Records from a data source
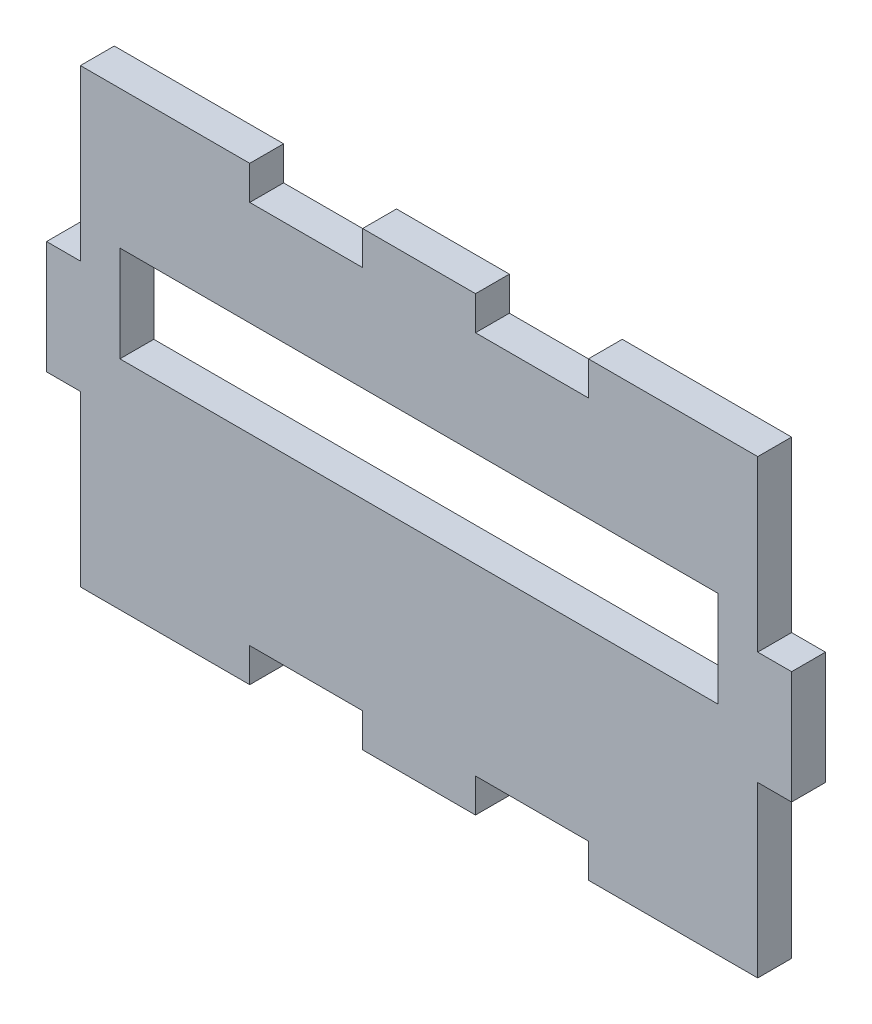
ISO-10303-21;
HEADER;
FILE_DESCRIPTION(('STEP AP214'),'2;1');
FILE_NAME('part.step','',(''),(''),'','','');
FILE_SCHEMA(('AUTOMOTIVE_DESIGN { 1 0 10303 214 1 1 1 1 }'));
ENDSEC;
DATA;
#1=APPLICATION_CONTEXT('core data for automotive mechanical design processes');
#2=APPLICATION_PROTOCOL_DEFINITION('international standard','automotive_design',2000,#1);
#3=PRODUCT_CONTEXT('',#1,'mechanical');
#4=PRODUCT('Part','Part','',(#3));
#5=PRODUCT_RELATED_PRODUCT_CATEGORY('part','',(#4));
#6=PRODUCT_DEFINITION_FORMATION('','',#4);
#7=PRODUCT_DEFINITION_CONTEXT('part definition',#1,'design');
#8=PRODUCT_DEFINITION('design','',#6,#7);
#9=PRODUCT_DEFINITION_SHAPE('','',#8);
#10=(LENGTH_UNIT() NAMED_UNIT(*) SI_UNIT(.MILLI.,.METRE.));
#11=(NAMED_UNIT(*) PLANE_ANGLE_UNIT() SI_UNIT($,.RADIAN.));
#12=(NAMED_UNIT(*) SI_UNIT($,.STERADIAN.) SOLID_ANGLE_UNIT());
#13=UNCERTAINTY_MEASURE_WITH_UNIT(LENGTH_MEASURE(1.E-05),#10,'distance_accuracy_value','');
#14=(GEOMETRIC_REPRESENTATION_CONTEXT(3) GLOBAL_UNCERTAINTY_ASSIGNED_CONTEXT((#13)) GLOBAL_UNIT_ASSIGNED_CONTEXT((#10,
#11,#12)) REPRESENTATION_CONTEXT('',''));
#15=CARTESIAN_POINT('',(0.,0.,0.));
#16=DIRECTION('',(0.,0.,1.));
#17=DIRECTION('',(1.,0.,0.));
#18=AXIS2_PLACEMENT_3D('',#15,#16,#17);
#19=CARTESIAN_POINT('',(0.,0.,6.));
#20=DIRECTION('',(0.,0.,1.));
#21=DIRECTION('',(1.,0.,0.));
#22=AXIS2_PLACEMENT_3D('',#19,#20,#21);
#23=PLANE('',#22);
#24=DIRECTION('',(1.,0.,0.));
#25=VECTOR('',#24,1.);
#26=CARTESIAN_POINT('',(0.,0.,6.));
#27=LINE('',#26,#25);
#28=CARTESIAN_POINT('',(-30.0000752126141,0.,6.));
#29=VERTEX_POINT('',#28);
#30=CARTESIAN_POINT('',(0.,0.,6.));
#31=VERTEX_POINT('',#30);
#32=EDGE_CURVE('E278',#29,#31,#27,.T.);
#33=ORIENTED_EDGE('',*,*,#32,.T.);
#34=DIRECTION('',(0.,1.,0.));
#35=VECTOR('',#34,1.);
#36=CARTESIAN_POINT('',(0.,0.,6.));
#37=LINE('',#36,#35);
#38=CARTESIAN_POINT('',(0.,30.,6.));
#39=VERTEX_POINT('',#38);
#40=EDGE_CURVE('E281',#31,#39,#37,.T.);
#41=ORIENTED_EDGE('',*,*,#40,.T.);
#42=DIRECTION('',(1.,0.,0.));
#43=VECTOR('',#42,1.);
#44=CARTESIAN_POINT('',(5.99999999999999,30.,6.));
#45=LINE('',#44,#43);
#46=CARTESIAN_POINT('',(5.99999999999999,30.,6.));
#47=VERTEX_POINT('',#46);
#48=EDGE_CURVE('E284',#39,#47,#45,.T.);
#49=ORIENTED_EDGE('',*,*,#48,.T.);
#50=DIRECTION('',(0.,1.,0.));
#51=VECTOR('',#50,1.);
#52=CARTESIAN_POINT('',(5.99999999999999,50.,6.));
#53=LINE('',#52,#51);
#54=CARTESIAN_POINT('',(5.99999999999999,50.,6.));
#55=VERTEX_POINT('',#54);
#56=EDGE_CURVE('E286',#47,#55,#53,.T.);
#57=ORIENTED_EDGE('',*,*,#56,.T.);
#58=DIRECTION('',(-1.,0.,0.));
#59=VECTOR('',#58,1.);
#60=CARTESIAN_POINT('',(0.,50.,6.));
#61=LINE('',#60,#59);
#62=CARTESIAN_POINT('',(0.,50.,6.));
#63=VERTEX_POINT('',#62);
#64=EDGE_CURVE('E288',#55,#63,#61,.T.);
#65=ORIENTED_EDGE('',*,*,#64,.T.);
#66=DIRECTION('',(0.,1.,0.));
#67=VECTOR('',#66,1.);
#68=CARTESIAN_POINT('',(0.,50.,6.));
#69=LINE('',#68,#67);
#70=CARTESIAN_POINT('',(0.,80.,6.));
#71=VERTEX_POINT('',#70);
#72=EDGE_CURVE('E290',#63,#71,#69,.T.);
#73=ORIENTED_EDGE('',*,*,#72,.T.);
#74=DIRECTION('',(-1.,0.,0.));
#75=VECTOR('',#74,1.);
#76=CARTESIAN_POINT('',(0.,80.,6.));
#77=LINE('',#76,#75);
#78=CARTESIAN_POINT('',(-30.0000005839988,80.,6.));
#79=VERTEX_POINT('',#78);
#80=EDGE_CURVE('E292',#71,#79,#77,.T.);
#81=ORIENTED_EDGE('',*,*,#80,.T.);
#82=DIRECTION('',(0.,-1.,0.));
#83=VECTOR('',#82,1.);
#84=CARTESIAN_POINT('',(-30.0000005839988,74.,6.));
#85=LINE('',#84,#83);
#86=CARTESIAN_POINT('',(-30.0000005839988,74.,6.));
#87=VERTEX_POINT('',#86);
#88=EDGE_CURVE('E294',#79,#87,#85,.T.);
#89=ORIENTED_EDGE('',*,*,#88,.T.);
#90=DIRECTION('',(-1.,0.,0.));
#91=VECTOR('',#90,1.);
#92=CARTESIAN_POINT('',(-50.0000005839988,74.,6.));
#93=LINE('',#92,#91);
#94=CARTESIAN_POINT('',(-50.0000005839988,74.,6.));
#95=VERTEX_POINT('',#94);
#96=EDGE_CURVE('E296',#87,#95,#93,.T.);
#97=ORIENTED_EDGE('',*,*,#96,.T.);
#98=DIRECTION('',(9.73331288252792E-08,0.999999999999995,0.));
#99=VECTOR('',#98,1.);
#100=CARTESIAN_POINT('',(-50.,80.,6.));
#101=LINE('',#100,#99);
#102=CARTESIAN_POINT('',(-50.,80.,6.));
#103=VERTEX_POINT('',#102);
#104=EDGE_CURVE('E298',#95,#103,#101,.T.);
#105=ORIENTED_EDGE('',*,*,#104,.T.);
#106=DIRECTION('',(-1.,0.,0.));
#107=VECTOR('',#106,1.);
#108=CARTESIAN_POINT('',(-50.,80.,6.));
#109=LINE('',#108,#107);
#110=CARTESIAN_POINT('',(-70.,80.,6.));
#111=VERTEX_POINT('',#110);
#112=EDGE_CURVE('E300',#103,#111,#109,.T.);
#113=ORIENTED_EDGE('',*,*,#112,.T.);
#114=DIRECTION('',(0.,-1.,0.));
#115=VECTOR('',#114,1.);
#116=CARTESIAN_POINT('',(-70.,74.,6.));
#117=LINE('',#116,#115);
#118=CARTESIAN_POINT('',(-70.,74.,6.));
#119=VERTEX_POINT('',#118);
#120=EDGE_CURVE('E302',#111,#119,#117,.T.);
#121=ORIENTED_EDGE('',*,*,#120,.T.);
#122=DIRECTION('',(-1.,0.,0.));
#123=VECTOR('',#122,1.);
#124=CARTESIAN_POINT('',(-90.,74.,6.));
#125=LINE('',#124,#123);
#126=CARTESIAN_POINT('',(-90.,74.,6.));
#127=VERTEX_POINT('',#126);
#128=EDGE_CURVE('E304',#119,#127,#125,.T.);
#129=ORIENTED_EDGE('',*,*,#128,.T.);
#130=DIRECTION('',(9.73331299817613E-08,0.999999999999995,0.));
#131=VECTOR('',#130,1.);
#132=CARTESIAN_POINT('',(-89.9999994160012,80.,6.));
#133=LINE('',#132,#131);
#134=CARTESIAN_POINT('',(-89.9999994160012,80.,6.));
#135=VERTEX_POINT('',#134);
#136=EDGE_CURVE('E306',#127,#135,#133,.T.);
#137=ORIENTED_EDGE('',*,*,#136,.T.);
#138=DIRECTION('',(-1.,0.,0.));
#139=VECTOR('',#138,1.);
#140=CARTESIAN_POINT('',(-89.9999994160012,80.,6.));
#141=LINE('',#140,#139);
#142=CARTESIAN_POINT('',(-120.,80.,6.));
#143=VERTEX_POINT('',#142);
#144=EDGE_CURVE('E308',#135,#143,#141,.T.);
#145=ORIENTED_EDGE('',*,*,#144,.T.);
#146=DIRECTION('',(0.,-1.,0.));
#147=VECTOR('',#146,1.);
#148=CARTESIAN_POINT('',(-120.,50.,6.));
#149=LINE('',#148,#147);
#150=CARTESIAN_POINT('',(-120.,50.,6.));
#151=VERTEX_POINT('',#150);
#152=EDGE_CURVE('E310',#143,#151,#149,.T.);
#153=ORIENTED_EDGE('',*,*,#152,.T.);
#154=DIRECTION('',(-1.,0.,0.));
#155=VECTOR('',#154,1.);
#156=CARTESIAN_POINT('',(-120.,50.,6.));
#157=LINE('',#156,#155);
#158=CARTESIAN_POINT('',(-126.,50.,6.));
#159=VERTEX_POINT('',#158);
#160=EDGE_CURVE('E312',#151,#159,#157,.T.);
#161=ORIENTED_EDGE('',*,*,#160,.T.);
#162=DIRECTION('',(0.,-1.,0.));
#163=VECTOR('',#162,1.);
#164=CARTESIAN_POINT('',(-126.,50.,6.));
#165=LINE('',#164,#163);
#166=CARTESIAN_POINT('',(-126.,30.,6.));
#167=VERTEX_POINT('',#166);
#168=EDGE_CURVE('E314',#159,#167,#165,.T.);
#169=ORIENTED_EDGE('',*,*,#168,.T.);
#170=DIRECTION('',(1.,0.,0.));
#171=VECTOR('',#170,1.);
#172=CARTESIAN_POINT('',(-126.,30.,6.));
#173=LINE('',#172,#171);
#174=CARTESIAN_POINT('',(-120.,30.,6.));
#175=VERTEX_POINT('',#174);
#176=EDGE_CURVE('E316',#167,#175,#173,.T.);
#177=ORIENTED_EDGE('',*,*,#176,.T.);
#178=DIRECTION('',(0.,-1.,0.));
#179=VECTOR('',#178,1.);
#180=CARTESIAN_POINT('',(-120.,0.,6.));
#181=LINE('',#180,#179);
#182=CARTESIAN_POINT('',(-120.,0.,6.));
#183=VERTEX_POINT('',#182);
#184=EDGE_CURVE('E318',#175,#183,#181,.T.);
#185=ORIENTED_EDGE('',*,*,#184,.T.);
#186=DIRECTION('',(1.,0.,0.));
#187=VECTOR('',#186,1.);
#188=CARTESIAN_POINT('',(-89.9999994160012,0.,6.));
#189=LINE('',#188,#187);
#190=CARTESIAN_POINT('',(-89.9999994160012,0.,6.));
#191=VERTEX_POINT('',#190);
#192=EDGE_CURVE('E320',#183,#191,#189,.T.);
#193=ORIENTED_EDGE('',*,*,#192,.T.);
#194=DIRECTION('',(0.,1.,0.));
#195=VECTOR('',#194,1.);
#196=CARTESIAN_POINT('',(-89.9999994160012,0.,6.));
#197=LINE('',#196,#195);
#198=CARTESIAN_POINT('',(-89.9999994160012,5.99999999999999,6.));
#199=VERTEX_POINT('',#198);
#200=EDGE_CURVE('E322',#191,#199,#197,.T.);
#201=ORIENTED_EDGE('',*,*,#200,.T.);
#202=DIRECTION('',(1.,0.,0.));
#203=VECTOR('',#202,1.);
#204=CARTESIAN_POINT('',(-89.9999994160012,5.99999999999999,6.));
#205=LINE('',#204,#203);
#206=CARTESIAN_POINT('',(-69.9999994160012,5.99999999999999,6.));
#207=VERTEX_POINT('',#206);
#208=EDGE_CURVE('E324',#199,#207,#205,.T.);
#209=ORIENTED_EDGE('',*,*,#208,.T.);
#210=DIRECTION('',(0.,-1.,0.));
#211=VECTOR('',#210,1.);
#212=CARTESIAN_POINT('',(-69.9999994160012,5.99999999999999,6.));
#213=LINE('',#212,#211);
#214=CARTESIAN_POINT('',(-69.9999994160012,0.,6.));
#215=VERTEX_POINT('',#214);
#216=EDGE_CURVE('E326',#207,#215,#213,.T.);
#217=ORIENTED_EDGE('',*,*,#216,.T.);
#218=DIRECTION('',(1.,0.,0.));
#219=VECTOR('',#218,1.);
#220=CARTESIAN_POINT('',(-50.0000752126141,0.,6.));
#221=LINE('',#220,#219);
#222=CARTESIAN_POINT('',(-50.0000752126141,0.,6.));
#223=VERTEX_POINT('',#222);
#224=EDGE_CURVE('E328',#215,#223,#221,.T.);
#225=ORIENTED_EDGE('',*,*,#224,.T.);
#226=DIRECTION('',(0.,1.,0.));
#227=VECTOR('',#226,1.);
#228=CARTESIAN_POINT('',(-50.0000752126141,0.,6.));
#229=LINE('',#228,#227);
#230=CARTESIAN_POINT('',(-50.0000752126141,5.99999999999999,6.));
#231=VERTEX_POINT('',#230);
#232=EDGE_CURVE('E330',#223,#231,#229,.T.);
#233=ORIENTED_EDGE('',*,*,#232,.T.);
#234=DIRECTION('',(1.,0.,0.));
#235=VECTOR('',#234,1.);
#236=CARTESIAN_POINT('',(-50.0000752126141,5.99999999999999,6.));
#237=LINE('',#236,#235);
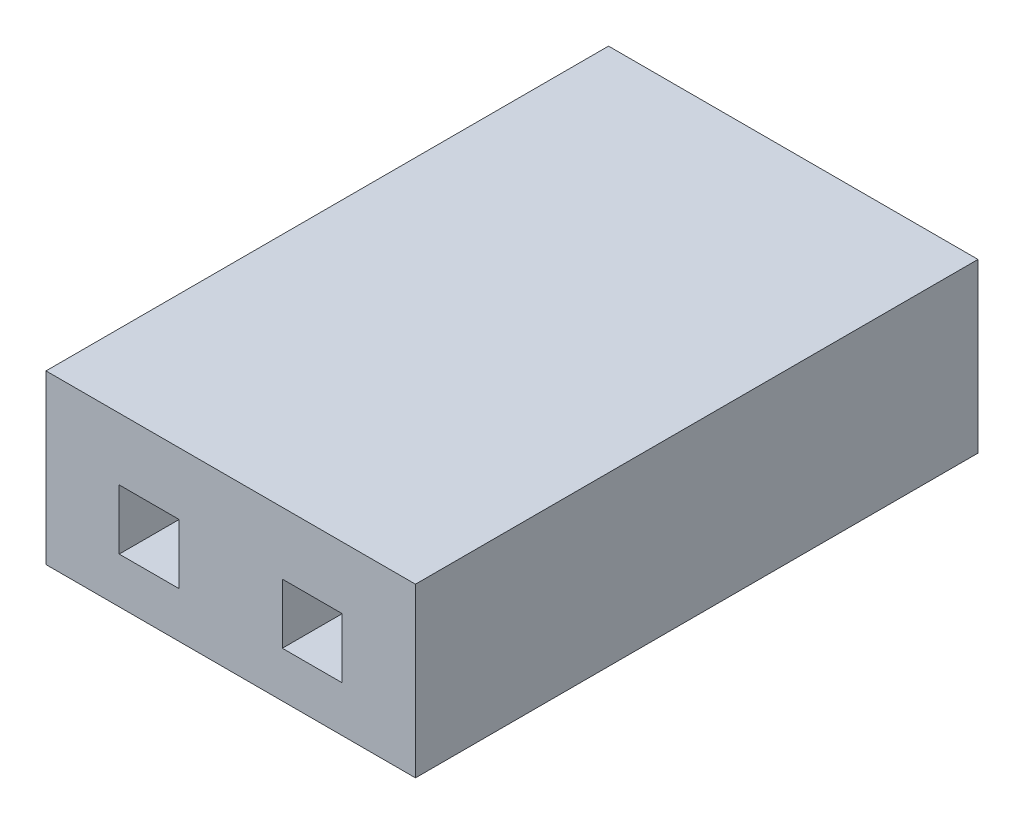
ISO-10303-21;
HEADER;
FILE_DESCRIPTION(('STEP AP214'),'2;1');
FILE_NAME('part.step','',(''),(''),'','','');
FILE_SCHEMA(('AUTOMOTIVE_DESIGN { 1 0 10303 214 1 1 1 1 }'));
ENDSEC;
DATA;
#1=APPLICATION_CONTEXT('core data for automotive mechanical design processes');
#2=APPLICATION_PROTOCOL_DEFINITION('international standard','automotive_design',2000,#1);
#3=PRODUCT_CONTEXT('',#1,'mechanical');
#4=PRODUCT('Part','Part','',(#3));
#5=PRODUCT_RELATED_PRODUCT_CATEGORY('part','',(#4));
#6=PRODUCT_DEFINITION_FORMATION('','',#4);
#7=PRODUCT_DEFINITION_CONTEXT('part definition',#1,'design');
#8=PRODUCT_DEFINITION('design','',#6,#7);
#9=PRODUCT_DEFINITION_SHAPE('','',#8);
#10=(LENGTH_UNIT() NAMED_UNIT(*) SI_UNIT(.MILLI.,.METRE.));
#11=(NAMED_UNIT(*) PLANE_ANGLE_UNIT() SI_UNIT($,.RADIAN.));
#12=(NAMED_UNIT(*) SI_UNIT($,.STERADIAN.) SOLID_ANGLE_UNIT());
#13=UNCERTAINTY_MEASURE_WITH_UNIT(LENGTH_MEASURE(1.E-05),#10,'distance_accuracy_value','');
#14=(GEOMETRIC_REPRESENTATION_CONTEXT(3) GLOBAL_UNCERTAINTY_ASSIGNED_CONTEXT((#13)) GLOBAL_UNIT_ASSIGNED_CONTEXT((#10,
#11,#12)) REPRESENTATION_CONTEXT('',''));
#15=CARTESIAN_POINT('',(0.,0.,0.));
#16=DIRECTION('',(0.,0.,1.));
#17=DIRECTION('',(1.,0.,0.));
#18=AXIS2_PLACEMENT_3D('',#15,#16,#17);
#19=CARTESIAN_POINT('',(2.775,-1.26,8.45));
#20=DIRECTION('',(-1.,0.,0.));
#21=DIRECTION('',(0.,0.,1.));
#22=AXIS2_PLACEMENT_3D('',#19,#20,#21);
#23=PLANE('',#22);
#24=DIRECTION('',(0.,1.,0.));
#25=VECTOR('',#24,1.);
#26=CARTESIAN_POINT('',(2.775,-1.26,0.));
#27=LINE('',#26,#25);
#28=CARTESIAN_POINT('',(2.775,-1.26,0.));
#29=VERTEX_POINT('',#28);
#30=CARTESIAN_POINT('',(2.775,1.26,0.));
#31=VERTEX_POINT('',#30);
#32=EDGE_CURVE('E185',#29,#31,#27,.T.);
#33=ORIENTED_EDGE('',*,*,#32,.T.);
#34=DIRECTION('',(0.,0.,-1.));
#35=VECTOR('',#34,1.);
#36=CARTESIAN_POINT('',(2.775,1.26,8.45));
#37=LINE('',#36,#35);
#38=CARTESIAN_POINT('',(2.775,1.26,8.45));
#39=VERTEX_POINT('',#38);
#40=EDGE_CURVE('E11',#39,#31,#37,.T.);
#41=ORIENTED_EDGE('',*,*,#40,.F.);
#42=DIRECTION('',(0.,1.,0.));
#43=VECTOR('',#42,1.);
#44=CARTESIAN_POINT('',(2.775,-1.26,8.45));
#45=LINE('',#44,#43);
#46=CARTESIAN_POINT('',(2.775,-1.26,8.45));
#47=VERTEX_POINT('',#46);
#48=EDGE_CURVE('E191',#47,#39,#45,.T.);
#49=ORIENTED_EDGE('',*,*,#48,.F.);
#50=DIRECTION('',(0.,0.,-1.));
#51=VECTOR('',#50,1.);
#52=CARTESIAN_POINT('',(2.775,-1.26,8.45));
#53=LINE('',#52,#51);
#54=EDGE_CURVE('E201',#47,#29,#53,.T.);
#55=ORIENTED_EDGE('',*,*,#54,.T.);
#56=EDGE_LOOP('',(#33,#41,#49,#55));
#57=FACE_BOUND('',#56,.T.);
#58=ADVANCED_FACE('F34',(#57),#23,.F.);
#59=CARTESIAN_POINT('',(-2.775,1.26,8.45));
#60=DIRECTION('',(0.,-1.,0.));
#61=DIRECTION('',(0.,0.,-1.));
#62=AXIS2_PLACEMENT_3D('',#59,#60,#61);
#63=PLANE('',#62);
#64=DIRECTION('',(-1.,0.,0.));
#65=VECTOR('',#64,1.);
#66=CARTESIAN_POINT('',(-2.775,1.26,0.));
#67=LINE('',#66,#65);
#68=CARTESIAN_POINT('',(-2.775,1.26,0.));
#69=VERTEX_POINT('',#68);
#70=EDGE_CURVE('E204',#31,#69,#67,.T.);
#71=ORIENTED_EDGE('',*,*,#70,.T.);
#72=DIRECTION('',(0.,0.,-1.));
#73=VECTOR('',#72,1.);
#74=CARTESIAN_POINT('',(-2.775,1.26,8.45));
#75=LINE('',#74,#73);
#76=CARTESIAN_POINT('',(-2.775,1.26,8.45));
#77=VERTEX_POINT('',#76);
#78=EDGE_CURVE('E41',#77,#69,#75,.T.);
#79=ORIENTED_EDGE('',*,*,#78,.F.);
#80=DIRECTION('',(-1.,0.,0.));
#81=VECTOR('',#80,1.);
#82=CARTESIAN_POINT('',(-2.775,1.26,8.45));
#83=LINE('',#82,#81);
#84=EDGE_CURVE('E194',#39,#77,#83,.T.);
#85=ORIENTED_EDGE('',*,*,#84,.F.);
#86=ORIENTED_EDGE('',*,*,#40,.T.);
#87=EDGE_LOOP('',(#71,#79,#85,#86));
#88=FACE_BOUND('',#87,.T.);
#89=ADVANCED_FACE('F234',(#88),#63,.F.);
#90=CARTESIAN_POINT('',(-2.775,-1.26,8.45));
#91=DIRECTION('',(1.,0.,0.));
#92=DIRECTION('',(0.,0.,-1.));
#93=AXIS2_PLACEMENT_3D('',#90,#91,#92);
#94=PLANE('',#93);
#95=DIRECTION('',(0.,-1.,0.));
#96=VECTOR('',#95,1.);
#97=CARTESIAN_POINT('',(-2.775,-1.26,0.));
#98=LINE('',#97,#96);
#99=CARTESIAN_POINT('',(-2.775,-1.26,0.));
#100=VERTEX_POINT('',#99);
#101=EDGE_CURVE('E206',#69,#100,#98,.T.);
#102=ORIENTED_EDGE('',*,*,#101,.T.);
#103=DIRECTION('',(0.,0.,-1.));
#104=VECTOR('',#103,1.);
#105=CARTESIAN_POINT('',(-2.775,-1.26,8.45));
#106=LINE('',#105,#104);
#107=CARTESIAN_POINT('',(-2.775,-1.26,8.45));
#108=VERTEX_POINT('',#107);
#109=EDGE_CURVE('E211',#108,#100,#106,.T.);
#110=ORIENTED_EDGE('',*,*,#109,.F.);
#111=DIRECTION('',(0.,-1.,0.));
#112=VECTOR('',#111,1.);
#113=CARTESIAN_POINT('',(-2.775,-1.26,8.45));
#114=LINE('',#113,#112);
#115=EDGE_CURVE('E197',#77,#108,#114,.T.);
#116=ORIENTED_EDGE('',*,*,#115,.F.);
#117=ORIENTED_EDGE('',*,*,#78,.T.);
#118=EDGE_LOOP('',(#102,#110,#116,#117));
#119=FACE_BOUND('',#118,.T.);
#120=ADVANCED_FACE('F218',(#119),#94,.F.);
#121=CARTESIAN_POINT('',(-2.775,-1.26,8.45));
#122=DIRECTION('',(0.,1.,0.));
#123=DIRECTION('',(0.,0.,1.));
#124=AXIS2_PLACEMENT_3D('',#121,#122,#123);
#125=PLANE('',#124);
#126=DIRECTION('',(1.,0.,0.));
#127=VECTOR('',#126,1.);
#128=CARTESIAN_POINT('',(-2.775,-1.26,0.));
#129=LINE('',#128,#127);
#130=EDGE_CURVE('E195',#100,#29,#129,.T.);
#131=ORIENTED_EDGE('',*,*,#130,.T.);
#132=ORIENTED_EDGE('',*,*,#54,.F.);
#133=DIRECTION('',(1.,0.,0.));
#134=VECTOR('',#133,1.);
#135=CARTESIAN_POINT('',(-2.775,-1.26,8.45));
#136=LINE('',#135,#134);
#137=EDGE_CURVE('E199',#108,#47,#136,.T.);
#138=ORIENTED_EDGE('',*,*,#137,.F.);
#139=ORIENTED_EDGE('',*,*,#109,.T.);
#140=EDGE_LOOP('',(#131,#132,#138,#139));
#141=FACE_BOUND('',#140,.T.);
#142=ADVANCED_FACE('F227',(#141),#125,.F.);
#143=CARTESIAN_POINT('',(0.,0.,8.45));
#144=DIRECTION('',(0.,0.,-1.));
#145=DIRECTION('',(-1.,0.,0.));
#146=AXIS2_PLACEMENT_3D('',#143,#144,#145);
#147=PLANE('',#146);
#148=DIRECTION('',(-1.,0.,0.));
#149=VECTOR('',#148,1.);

### Exercise description
Out of the data above, set down the lines from the one with "#126=DIRECTION('',(1.,0.,0.));" to the one with "#134=VECTOR('',#133,1.);", both included, exactly as written and with no additions.

### Result of this task
#126=DIRECTION('',(1.,0.,0.));
#127=VECTOR('',#126,1.);
#128=CARTESIAN_POINT('',(-2.775,-1.26,0.));
#129=LINE('',#128,#127);
#130=EDGE_CURVE('E195',#100,#29,#129,.T.);
#131=ORIENTED_EDGE('',*,*,#130,.T.);
#132=ORIENTED_EDGE('',*,*,#54,.F.);
#133=DIRECTION('',(1.,0.,0.));
#134=VECTOR('',#133,1.);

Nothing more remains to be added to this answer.